20.05.2019 18:44 kai leonhardt 4

Die Probleme des grundsätzlich guten Chemnitzer Modells liegen in den Details: die Strecke nach Aue hat meines Erachtens kaum Fahrgastpotentiale, der Fahrzeitgewinn ist gering, bei den direkten Umlandgemeinden von Chemnitz sieht das schon besser aus. In der Innenstadt schleichen die Fahrzeuge förmlich. Jeder Monat Bauverzug stärkt dauerhaft die Abwanderung von der Bahn und die Autopendler-ströme. Warum nicht eine andere Stufe vorziehen?

20.05.2019 12:07 Max 3

Die Abbestellung des Schienenverkehres Richtung Aue ging dafür schneller. Dort rollt nämlich seit Mitte September 2018 nichts mehr planmäßiges. Obwohl der VMS 2017 zu einer Bürgerversammlung zusicherte, dass die Bahn bis zum letzten Tag vor Baustart fährt. Das Ergebnis sieht man täglich in den beiden SEV-Linien. Da ist ein nicht unerheblicher Teil der Fahrgäste bereits abgewandert.

20.05.2019 10:32 Sven Quinger 2

Das das Thema Chemnitzer Modell eine unendliche Geschichte ist, stimmt leider. Allerdings ist man von Seiten des VMS wahrscheinlich bei den einst genannten Terminen auch sehr blauäugig gewesen. Von eben diesen Terminen will man jetzt aber anscheinend auch nichts mehr wissen, denn zwei der Aussagen von Herrn Neuhaus stimmen nicht mit den ursprünglichen Planungen überein.

So war die Inbetriebnahme der zweiten Stufe des Chemnitzer Modells nach Thalheim eigentlich schon für den Dezember 2018 geplant (nicht für 2019, wie dies im Beitrag erwähnt wurde). Und die aktuell geplanten fünf Stufen des Chemnitzer Modells sind im Zielnetz 2020 zusammengefasst. Vor zwanzig Jahren ist man also davon ausgegangen, dass die gesamten fünf Stufen bis zum Jahr 2020 umgesetzt werden (und nicht erst bis 2030, wass man ja nun auch nicht mehr schafft).
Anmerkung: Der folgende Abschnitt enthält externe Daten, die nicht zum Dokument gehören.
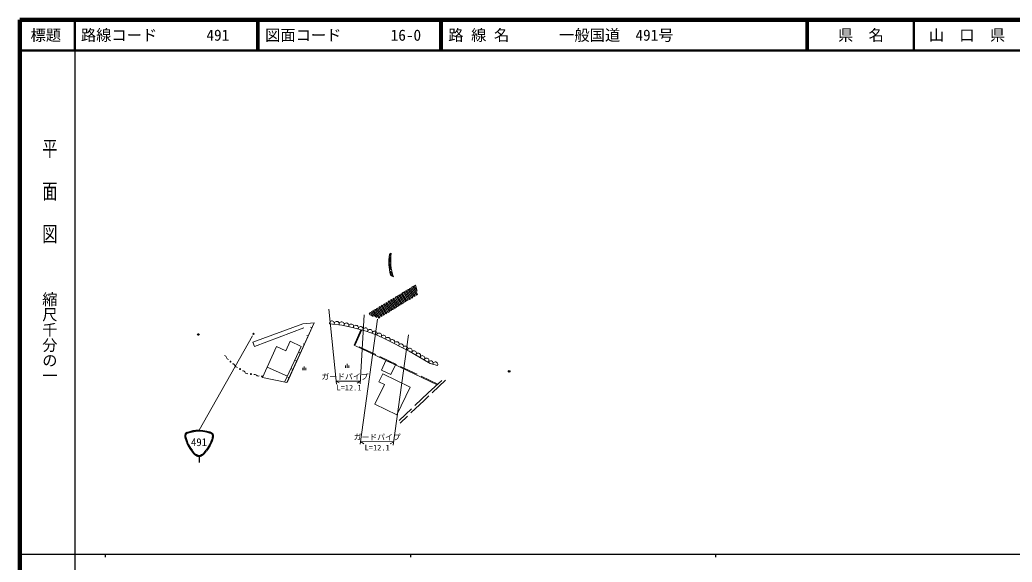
# Model space of a CAD drawing. Units: millimetres on the paper, with parts at other scales. Extents: x 40 to 680, y 20 to 380.
# Drawn here: x 40 to 365.2, y 202.4 to 380 of the extents above; entities that cross this region are included whole.
import ezdxf
from ezdxf.enums import TextEntityAlignment as Align

# ---------------------------------------------------------------- set-up
doc = ezdxf.new("R2010")
doc.units = ezdxf.units.MM
doc.header["$PDMODE"] = 32
doc.header["$PDSIZE"] = 0.5
doc.linetypes.add('DASHED', pattern=[7.5, 6, -1.5])
for name, color, linetype, lineweight in [('M-BGD', 7, 'Continuous', 13), ('M-STR-HTXT', 7, 'Continuous', 13), ('M-STR-STRC', 7, 'Continuous', 25), ('M-TTL', 2, 'Continuous', 140), ('M-TTL-BAND', 7, 'Continuous', 25), ('M-TTL-LINE', 7, 'Continuous', 50)]:
    doc.layers.add(name, color=color, linetype=linetype, lineweight=lineweight)
doc.layers.add('M-OTRS', color=6, linetype='Continuous')
doc.layers.add('M-TTL-TXT', color=7, linetype='Continuous')
doc.styles.add('@ＭＳ ゴシック', font='')
doc.styles.add('ＭＳ ゴシック', font='')
doc.styles.get('@ＭＳ ゴシック').set_extended_font_data('@MS Gothic')
doc.styles.get('ＭＳ ゴシック').set_extended_font_data('MS Gothic')

msp = doc.modelspace()

# ---------------------------------------------------------------- linework, layer by layer
at = {"layer": 'M-BGD'}
for p, q in [((161.722, 303.607), (161.108, 303.273)), ((161.199, 302.758), (161.368, 302.75)), ((161.527, 303.323), (161.254, 303.175)), ((161.368, 302.75), (161.448, 302.661)), ((161.085, 300.897), (161.38, 300.572)), ((161.098, 300.211), (161.419, 299.858)), ((161.152, 302.316), (161.4, 302.043)), ((161.252, 298.548), (161.649, 298.111)), ((161.396, 297.718), (161.841, 297.228)), ((169.164, 292.887), (169.55, 293.121)), ((169.164, 292.887), (170.239, 291.119)), ((169.55, 293.121), (169.72, 292.841)), ((170.239, 291.119), (169.72, 292.841)), ((163.763, 289.602), (164.149, 289.836)), ((163.763, 289.602), (165.328, 287.03)), ((164.149, 289.836), (165.713, 287.265)), ((164.535, 290.071), (164.921, 290.306)), ((164.535, 290.071), (166.099, 287.499)), ((164.921, 290.306), (166.485, 287.734)), ((165.306, 290.54), (165.692, 290.775)), ((165.306, 290.54), (166.871, 287.969)), ((165.692, 290.775), (167.256, 288.203)), ((166.078, 291.01), (166.464, 291.244)), ((166.078, 291.01), (167.642, 288.438)), ((166.464, 291.244), (168.028, 288.673)), ((166.849, 291.479), (167.235, 291.713)), ((166.849, 291.479), (168.414, 288.907)), ((167.235, 291.713), (168.799, 289.142)), ((167.621, 291.948), (168.007, 292.183)), ((167.621, 291.948), (169.185, 289.377)), ((168.007, 292.183), (169.571, 289.611)), ((168.392, 292.417), (168.778, 292.652)), ((168.392, 292.417), (169.957, 289.846)), ((168.778, 292.652), (170.342, 290.08)), ((169.185, 289.377), (169.571, 289.611)), ((169.957, 289.846), (170.342, 290.08)), ((158.363, 286.317), (158.749, 286.551)), ((158.363, 286.317), (159.927, 283.745)), ((158.749, 286.551), (160.313, 283.98)), ((159.135, 286.786), (159.52, 287.021)), ((159.135, 286.786), (160.699, 284.214)), ((159.52, 287.021), (161.085, 284.449)), ((159.906, 287.255), (160.292, 287.49)), ((159.906, 287.255), (161.47, 284.684)), ((160.292, 287.49), (161.856, 284.918)), ((160.677, 287.725), (161.063, 287.959)), ((160.677, 287.725), (162.242, 285.153)), ((161.063, 287.959), (162.628, 285.388)), ((161.449, 288.194), (161.835, 288.429)), ((161.449, 288.194), (163.013, 285.622)), ((161.835, 288.429), (163.399, 285.857)), ((162.22, 288.663), (162.606, 288.898)), ((162.22, 288.663), (163.785, 286.092)), ((162.606, 288.898), (164.17, 286.326)), ((162.992, 289.132), (163.378, 289.367)), ((162.992, 289.132), (164.556, 286.561)), ((163.378, 289.367), (164.942, 286.795)), ((163.785, 286.092), (164.17, 286.326)), ((164.556, 286.561), (164.942, 286.795)), ((165.328, 287.03), (165.713, 287.265)), ((166.099, 287.499), (166.485, 287.734)), ((166.871, 287.969), (167.256, 288.203)), ((167.642, 288.438), (168.028, 288.673)), ((168.414, 288.907), (168.799, 289.142)), ((154.506, 283.97), (154.891, 284.205)), ((154.506, 283.97), (154.891, 284.205)), ((154.506, 283.97), (154.853, 283.399)), ((154.853, 283.399), (155.743, 282.805)), ((154.891, 284.205), (155.743, 282.805)), ((155.277, 284.44), (155.663, 284.674)), ((155.277, 284.44), (156.059, 283.154)), ((155.663, 284.674), (156.949, 282.559)), ((156.049, 284.909), (156.434, 285.144)), ((156.049, 284.909), (157.613, 282.337)), ((156.059, 283.154), (156.949, 282.559)), ((156.434, 285.144), (157.999, 282.572)), ((156.82, 285.378), (157.206, 285.613)), ((156.82, 285.378), (158.384, 282.807)), ((157.206, 285.613), (158.77, 283.041)), ((157.592, 285.847), (157.977, 286.082)), ((157.592, 285.847), (159.156, 283.276)), ((157.977, 286.082), (159.542, 283.51)), ((158.384, 282.807), (158.77, 283.041)), ((159.156, 283.276), (159.542, 283.51)), ((159.927, 283.745), (160.313, 283.98)), ((160.699, 284.214), (161.085, 284.449)), ((161.47, 284.684), (161.856, 284.918)), ((162.242, 285.153), (162.628, 285.388)), ((163.013, 285.622), (163.399, 285.857)), ((132.774, 280.423), (116.369, 274.5)), ((136.491, 280.83), (127.548, 261.201)), ((136.491, 280.83), (132.774, 280.423)), ((141.442, 280.503), (145.478, 280.067)), ((145.478, 280.067), (149.064, 279.283)), ((157.613, 282.337), (157.999, 282.572)), ((116.891, 273.048), (133.036, 279.116)), ((149.064, 279.283), (153.521, 278.035)), ((149.514, 273.451), (151.789, 278.52)), ((149.92, 273.596), (152.092, 278.435)), ((153.521, 278.035), (157.121, 276.743)), ((157.121, 276.743), (159.793, 275.407)), ((116.369, 274.5), (116.891, 273.048)), ((127.113, 271.626), (128.539, 274.741)), ((132.16, 273.081), (128.539, 274.741)), ((159.793, 275.407), (167.633, 271.531)), ((119.522, 262.877), (124.16, 272.992)), ((127.117, 271.635), (124.16, 272.992)), ((126.782, 261.348), (132.16, 273.081)), ((167.633, 271.531), (173.904, 267.799)), ((146.756, 266.833), (146.756, 266.083)), ((147.256, 266.083), (147.256, 267.333)), ((147.756, 266.833), (147.756, 266.083)), ((159.967, 268.481), (158.464, 265.32)), ((163.128, 266.978), (159.967, 268.481)), ((159.967, 268.481), (163.128, 266.978)), ((163.128, 266.978), (161.625, 263.817)), ((173.904, 267.799), (174.5, 267.422)), ((174.5, 267.422), (176.844, 266.783)), ((127.658, 263.259), (121.08, 266.275)), ((132.703, 266.02), (132.703, 265.27)), ((133.203, 265.27), (133.203, 266.52)), ((133.703, 266.02), (133.703, 265.27)), ((161.625, 263.817), (158.464, 265.32)), ((127.542, 261.188), (119.522, 262.877))]:
    msp.add_line(p, q, dxfattribs=at)
at = {"layer": 'M-BGD', "linetype": 'DASHED'}
for p, q in [((179.479, 261.952), (172.482, 255.39)), ((173.788, 257.829), (178.724, 262.301)), ((173.788, 257.829), (164.293, 248.828)), ((172.482, 255.39), (164.584, 247.928))]:
    msp.add_line(p, q, dxfattribs=at)
at = {"layer": 'M-BGD'}
for centre, radius, start, end in [((176.886, 300.756), 15.978, 170.93528, 195.7411), ((177.063, 300.855), 15.978, 171.6529, 173.16143), ((177.5, 301.09), 16.129, 172.03988, 174.40822), ((177.5, 301.09), 15.978, 170.93528, 199.36509), ((177.063, 300.855), 15.978, 174.75358, 179.85001), ((177.063, 300.855), 15.978, 182.31076, 188.30284), ((177.5, 301.09), 16.129, 176.6116, 181.83945), ((177.5, 301.09), 16.129, 184.38193, 190.64378), ((177.063, 300.855), 15.978, 191.32356, 195.91665), ((46.937, 128.145), 203.576, 55.43777, 55.75118), ((46.937, 128.145), 203.727, 55.56453, 55.71531), ((177.5, 301.09), 16.129, 193.85414, 197.75695), ((142.255, 280.597), 0.819, 341.08682, 186.59486), ((143.844, 280.426), 0.819, 341.08682, 186.59486), ((145.44, 280.246), 0.826, 336.03731, 185.97216), ((147.014, 279.917), 0.819, 334.91381, 180.42185), ((148.576, 279.572), 0.82, 334.03602, 180.22349), ((150.132, 279.172), 0.819, 331.59681, 177.10485), ((151.67, 278.741), 0.819, 331.59681, 177.10485), ((153.211, 278.305), 0.821, 329.74398, 176.78492), ((154.733, 277.792), 0.819, 327.50439, 173.01243), ((156.237, 277.252), 0.819, 327.50439, 173.01243), ((157.729, 276.636), 0.82, 320.98919, 167.63098), ((159.162, 275.924), 0.819, 320.68157, 166.18956), ((160.593, 275.213), 0.819, 320.93614, 166.44418), ((162.025, 274.505), 0.819, 320.93614, 166.44418), ((163.457, 273.797), 0.819, 320.93614, 166.44418), ((164.89, 273.089), 0.819, 320.93614, 166.44418), ((166.322, 272.38), 0.819, 320.93614, 166.44418), ((106.923, 269.27), 0.797, 9.71751, 81.18477), ((167.757, 271.661), 0.824, 316.95837, 165.7246), ((169.138, 270.845), 0.819, 316.49725, 162.00529), ((170.511, 270.028), 0.819, 316.49725, 162.00529), ((171.885, 269.211), 0.819, 316.49725, 162.00529), ((108.493, 269.539), 0.797, 189.71751, 261.18477), ((109.034, 268.099), 0.15, 0, 180), ((109.034, 268.099), 0.15, 180, 0), ((109.392, 266.237), 1.218, 25.1415, 73.40721), ((111.332, 267.106), 0.908, 202.76146, 269.55843), ((173.258, 268.394), 0.819, 316.49725, 162.00529), ((174.631, 267.577), 0.819, 123.5581, 162.00529), ((174.625, 267.557), 0.819, 70.38501, 121.92615), ((174.579, 267.588), 0.819, 332.00895, 66.61064), ((176.121, 267.168), 0.819, 332.00895, 177.51699), ((112.156, 265.641), 0.15, 0, 180), ((112.156, 265.641), 0.15, 180, 0), ((112.979, 264.176), 0.908, 22.76146, 89.55843), ((114.411, 264.765), 0.64, 201.79953, 302.70909), ((115.734, 264.015), 0.15, 0, 180), ((115.734, 264.015), 0.15, 180, 0), ((116.971, 263.084), 0.797, 42.02677, 113.49403), ((118.155, 264.151), 0.797, 222.02677, 293.49403), ((119.382, 263.223), 0.15, 0, 180), ((119.382, 263.223), 0.15, 180, 0)]:
    msp.add_arc(centre, radius, start, end, dxfattribs=at)
at = {"layer": 'M-OTRS'}
for p in [(98.508, 276.948), (200.353, 264.875)]:
    msp.add_point(p, dxfattribs=at)
at = {"layer": 'M-STR-HTXT'}
for p, q in [((141.208, 285.218), (143.764, 260.667)), ((152.794, 283.388), (151.56, 260.856)), ((127.542, 261.188), (136.491, 280.83)), ((157.15, 281.987), (151.531, 240.995)), ((116.199, 276.569), (98.719, 245.645)), ((134.504, 276.469), (134.049, 276.676)), ((135.748, 279.199), (135.293, 279.406)), ((167.342, 276.819), (162.361, 240.705)), ((133.26, 273.739), (132.805, 273.946)), ((176.742, 260.504), (149.514, 273.451)), ((132.016, 271.009), (131.561, 271.216)), ((130.773, 268.279), (130.318, 268.486)), ((129.529, 265.549), (129.074, 265.756)), ((158.935, 264.05), (157.689, 261.432)), ((158.935, 264.05), (167.935, 259.69)), ((128.285, 262.819), (127.83, 263.026)), ((143.64, 261.695), (151.585, 261.673)), ((143.64, 261.695), (144.606, 261.088)), ((151.585, 261.673), (150.587, 261.03)), ((159.448, 260.573), (156.337, 254.197)), ((157.689, 261.432), (159.448, 260.573)), ((167.935, 259.69), (163.575, 250.691)), ((163.575, 250.691), (156.337, 254.197)), ((151.648, 241.888), (162.526, 241.857)), ((151.648, 241.888), (152.779, 241.111)), ((162.526, 241.857), (161.403, 241.169))]:
    msp.add_line(p, q, dxfattribs=at)
at = {"layer": 'M-STR-HTXT', "linetype": 'DASHED'}
msp.add_line((176.987, 260.726), (149.92, 273.596), dxfattribs=at)
at = {"layer": 'M-STR-STRC'}
msp.add_line((98.719, 237.04), (98.719, 235.04), dxfattribs=at)
at = {"layer": 'M-STR-STRC', "lineweight": 13}
msp.add_circle((116.548, 277.179), 0.2, dxfattribs=at)
at = {"layer": 'M-STR-STRC'}
for points, knots in [([(94.719, 244.897), (94.483, 244.75), (94.37, 244.628), (94.219, 244.397), (93.898, 243.907), (94.085, 243.472), (94.219, 242.897)], [0, 0, 0, 0, 1, 1, 1, 2, 2, 2, 2]), ([(94.813, 244.662), (94.758, 244.614), (94.579, 244.456), (94.469, 244.293), (94.181, 243.867), (94.401, 243.155), (94.456, 242.976)], [0, 0, 0, 0, 1, 1, 1, 2, 2, 2, 2]), ([(94.719, 244.897), (96.419, 245.426), (97.13, 245.652), (98.719, 245.645), (100.309, 245.639), (102.481, 244.97), (102.719, 244.897)], [0, 0, 0, 0, 1, 1, 1, 2, 2, 2, 2]), ([(94.817, 244.658), (95.554, 244.888), (97.168, 245.391), (98.719, 245.391), (100.269, 245.391), (102.383, 244.739), (102.621, 244.665)], [0, 0, 0, 0, 1, 1, 1, 2, 2, 2, 2]), ([(102.623, 244.665), (102.678, 244.616), (102.858, 244.458), (102.969, 244.293), (103.257, 243.866), (103.037, 243.153), (102.981, 242.974)], [0, 0, 0, 0, 1, 1, 1, 2, 2, 2, 2]), ([(102.719, 244.897), (102.956, 244.75), (103.068, 244.628), (103.219, 244.397), (103.54, 243.907), (103.354, 243.472), (103.219, 242.897)], [0, 0, 0, 0, 1, 1, 1, 2, 2, 2, 2]), ([(94.219, 242.897), (94.399, 242.198), (94.487, 241.969), (94.719, 241.397), (95.148, 240.342), (95.457, 239.988), (96.219, 238.897)], [0, 0, 0, 0, 1, 1, 1, 2, 2, 2, 2]), ([(94.456, 242.976), (94.633, 242.289), (94.719, 242.064), (94.948, 241.502), (95.372, 240.457), (95.678, 240.106), (96.434, 239.025)], [0, 0, 0, 0, 1, 1, 1, 2, 2, 2, 2]), ([(102.982, 242.976), (102.805, 242.289), (102.719, 242.064), (102.491, 241.502), (102.066, 240.457), (101.76, 240.106), (101.005, 239.025)], [0, 0, 0, 0, 1, 1, 1, 2, 2, 2, 2]), ([(103.219, 242.897), (103.039, 242.198), (102.952, 241.969), (102.719, 241.397), (102.29, 240.342), (101.982, 239.988), (101.219, 238.897)], [0, 0, 0, 0, 1, 1, 1, 2, 2, 2, 2]), ([(96.219, 238.897), (96.769, 238.17), (96.978, 237.768), (97.719, 237.397), (98.09, 237.211), (98.305, 237.04), (98.719, 237.04), (99.134, 237.04), (99.348, 237.211), (99.719, 237.397), (100.46, 237.768), (100.67, 238.17), (101.219, 238.897)], [0, 0, 0, 0, 1, 1, 1, 2, 2, 2, 3, 3, 3, 4, 4, 4, 4]), ([(96.396, 239.074), (96.931, 238.366), (97.131, 237.966), (97.856, 237.613), (98.178, 237.457), (98.361, 237.306), (98.719, 237.306), (99.077, 237.306), (99.26, 237.457), (99.582, 237.613), (100.307, 237.966), (100.507, 238.366), (101.042, 239.074)], [0, 0, 0, 0, 1, 1, 1, 2, 2, 2, 3, 3, 3, 4, 4, 4, 4])]:
    msp.add_open_spline(points, degree=3, knots=knots, dxfattribs=at)
at = {"layer": 'M-TTL'}
for p, q in [((40, 380), (40, 20)), ((680, 380), (40, 380))]:
    msp.add_line(p, q, dxfattribs=at)
at = {"layer": 'M-TTL-BAND'}
for p, q in [((58, 370), (58, 20)), ((40, 205), (579, 205)), ((68, 205), (68, 204)), ((168, 205), (168, 204)), ((268, 205), (268, 204))]:
    msp.add_line(p, q, dxfattribs=at)
at = {"layer": 'M-TTL-LINE'}
for p, q in [((58, 380), (58, 370)), ((117.75, 380), (117.75, 370)), ((118.25, 380), (118.25, 370)), ((177.75, 380), (177.75, 370)), ((178.25, 380), (178.25, 370)), ((297.75, 380), (297.75, 370)), ((298.25, 380), (298.25, 370)), ((333, 380), (333, 370)), ((40, 370), (680, 370))]:
    msp.add_line(p, q, dxfattribs=at)

# ---------------------------------------------------------------- texts
at = {"layer": 'M-STR-HTXT', "style": 'ＭＳ ゴシック'}
for s, p in [('ガードパイプ', (146.537, 261.698)), ('L=12.1', (147.858, 258.098)), ('ガードパイプ', (157.091, 241.873)), ('L=12.1', (157.106, 238.44))]:
    msp.add_text(s, height=1.833, rotation=359.838, dxfattribs=at).set_placement(p, align=Align.BOTTOM_CENTER)
at = {"layer": 'M-STR-STRC', "style": 'ＭＳ ゴシック'}
msp.add_text('491', height=2.566, dxfattribs=at).set_placement((98.719, 239.647), align=Align.BOTTOM_CENTER)
at = {"layer": 'M-TTL-BAND', "style": '@ＭＳ ゴシック', "width": 1.4}
msp.add_text('平  面  図', height=3.666, rotation=270, dxfattribs=at).set_placement((49.777, 306.475), align=Align.MIDDLE_RIGHT)
at = {"layer": 'M-TTL-BAND', "style": '@ＭＳ ゴシック'}
msp.add_text('縮尺千分の一', height=3.666, rotation=270, dxfattribs=at).set_placement((49.777, 261.03), align=Align.MIDDLE_RIGHT)
at = {"layer": 'M-TTL-TXT', "style": 'ＭＳ ゴシック'}
for s, p in [('標題', (48.5, 375)), ('県\u3000名', (315.625, 375)), ('山\u3000口\u3000県', (350.375, 375))]:
    msp.add_text(s, height=3.666, dxfattribs=at).set_placement(p, align=Align.MIDDLE_CENTER)
for s, p in [('路線コード', (60, 375)), ('路 線 名', (180.38, 375)), ('一般国道\u3000491号', (216.734, 375)), ('491', (101.142, 375)), ('図面コード', (120.38, 375)), ('16-0', (161.521, 375))]:
    msp.add_text(s, height=3.666, dxfattribs=at).set_placement(p, align=Align.MIDDLE_LEFT)

doc.saveas('drawing.dxf')

Das man dann irgendwann von der Realität eingeholt wird, mag schon sein. Zu seinen einstigen Aussagen sollte man aber schon stehen.

20.05.2019 08:12 Bernd 1

Eigentlich ist das Modell gut und sollte die Zukunft sein (gibt es ja auch in Karlsruhe. Aber es gehen Jahre bis da was passiert. Haette man vor 180 Jahren in diesem Thempo mit dem Bau der Eisenbahnen begonnen es waere fraglich on die Strecke von Berlin nach Muenchen schon fertig waere. Das waere etwas fuer die Umwelt aber man tut sich schwer und lustig der Umweltschutz darf hier Einspruch erheben. Komisch geht es um Steuererhoehungen im Namen des Umweltschutzes, welche dafuer aber nichts bringen, ist man schneller.